When the query is run, I get duplicate tuples returned.

The resultset can be fixed by either
a) removing the one-to-many mapping for the Item class
b) adding a secondary ordering criterion on "o.id"

For the purposes of our application, the latter solution is quite satisfactory. It sorts the results more cleanly anyway; however, this is clearly a bug with the generated SQL query.

I have attached a jar file containing a self-contained reproducible case. It includes a sqlscript for creating the database tables and associated artifacts and populating those tables.

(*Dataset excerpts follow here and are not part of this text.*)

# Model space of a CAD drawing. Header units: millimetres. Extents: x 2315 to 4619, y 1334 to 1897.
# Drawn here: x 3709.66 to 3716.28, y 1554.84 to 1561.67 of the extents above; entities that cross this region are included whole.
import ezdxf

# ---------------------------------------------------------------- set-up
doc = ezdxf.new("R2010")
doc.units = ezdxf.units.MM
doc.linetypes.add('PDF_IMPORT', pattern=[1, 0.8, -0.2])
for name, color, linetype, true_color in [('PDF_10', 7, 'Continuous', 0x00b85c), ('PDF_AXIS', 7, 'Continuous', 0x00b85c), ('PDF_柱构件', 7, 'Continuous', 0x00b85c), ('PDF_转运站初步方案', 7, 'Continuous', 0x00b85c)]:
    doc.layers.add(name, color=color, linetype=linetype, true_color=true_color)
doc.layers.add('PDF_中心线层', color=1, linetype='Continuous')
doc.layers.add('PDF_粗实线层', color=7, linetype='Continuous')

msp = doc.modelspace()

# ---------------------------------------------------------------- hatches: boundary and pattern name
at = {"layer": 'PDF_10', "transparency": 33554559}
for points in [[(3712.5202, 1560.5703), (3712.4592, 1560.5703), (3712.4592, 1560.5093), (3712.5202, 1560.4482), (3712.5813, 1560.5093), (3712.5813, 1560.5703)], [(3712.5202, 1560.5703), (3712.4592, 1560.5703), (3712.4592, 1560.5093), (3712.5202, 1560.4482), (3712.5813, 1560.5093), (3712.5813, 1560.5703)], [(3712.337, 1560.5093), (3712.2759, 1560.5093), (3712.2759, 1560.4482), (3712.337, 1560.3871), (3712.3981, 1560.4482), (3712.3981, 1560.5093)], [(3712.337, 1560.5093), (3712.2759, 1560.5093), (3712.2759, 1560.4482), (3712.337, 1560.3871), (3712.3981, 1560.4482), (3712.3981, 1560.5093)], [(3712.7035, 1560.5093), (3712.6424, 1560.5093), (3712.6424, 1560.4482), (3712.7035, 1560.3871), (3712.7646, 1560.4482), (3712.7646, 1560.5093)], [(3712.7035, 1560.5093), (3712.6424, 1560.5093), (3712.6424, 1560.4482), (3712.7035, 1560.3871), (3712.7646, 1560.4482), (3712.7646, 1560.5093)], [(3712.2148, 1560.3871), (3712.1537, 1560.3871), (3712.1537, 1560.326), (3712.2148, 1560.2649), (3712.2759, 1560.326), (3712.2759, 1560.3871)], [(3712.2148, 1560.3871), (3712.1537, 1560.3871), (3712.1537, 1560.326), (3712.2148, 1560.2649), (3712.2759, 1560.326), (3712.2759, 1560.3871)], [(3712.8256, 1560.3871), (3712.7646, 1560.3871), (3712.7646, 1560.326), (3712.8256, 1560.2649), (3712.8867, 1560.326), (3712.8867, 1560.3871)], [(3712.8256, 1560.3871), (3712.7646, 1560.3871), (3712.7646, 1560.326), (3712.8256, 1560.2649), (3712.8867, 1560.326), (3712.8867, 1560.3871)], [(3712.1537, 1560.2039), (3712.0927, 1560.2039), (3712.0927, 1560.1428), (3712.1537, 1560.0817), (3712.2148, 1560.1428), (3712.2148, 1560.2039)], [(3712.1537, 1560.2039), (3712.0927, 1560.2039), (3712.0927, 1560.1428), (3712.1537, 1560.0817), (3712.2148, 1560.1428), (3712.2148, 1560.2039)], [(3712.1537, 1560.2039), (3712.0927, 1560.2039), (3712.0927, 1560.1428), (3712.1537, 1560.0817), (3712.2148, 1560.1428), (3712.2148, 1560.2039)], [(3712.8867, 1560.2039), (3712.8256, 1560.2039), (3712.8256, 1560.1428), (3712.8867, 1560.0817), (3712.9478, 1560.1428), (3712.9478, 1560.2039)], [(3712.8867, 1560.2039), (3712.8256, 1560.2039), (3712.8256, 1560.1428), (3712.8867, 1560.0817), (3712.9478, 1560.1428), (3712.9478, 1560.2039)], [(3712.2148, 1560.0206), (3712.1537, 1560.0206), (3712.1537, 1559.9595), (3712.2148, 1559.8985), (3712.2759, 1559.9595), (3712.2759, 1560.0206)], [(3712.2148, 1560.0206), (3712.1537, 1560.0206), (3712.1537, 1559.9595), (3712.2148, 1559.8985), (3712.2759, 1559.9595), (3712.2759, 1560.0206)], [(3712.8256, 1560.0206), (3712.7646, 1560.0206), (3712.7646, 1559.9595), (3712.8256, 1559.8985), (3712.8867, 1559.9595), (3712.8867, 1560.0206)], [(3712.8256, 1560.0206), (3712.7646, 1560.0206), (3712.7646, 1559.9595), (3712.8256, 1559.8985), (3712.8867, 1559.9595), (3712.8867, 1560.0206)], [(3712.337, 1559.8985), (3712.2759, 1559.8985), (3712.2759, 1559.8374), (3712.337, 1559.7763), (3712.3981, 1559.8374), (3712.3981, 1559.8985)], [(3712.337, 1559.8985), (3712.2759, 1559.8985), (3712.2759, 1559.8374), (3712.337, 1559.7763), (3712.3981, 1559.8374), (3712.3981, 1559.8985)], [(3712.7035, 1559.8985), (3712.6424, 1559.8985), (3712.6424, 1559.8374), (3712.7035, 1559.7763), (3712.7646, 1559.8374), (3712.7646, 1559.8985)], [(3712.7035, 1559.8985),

Compiling and running the test as it stands returns (against my database) two copies of the Order with id = 2. I can not guarantee that the same results will occur against all occurrences of this test. Making the changes I've mentioned above will remove the duplicate tuple.

For completeness, I've been testing against Oracle 8.1.7.0.0 running on a Sun box. My clients have been Windows 2000 and Solaris.



Richard Porter
Software Engineer
Jel, Inc.

"Man is still the best computer...that can be mass produced with unskilled labor."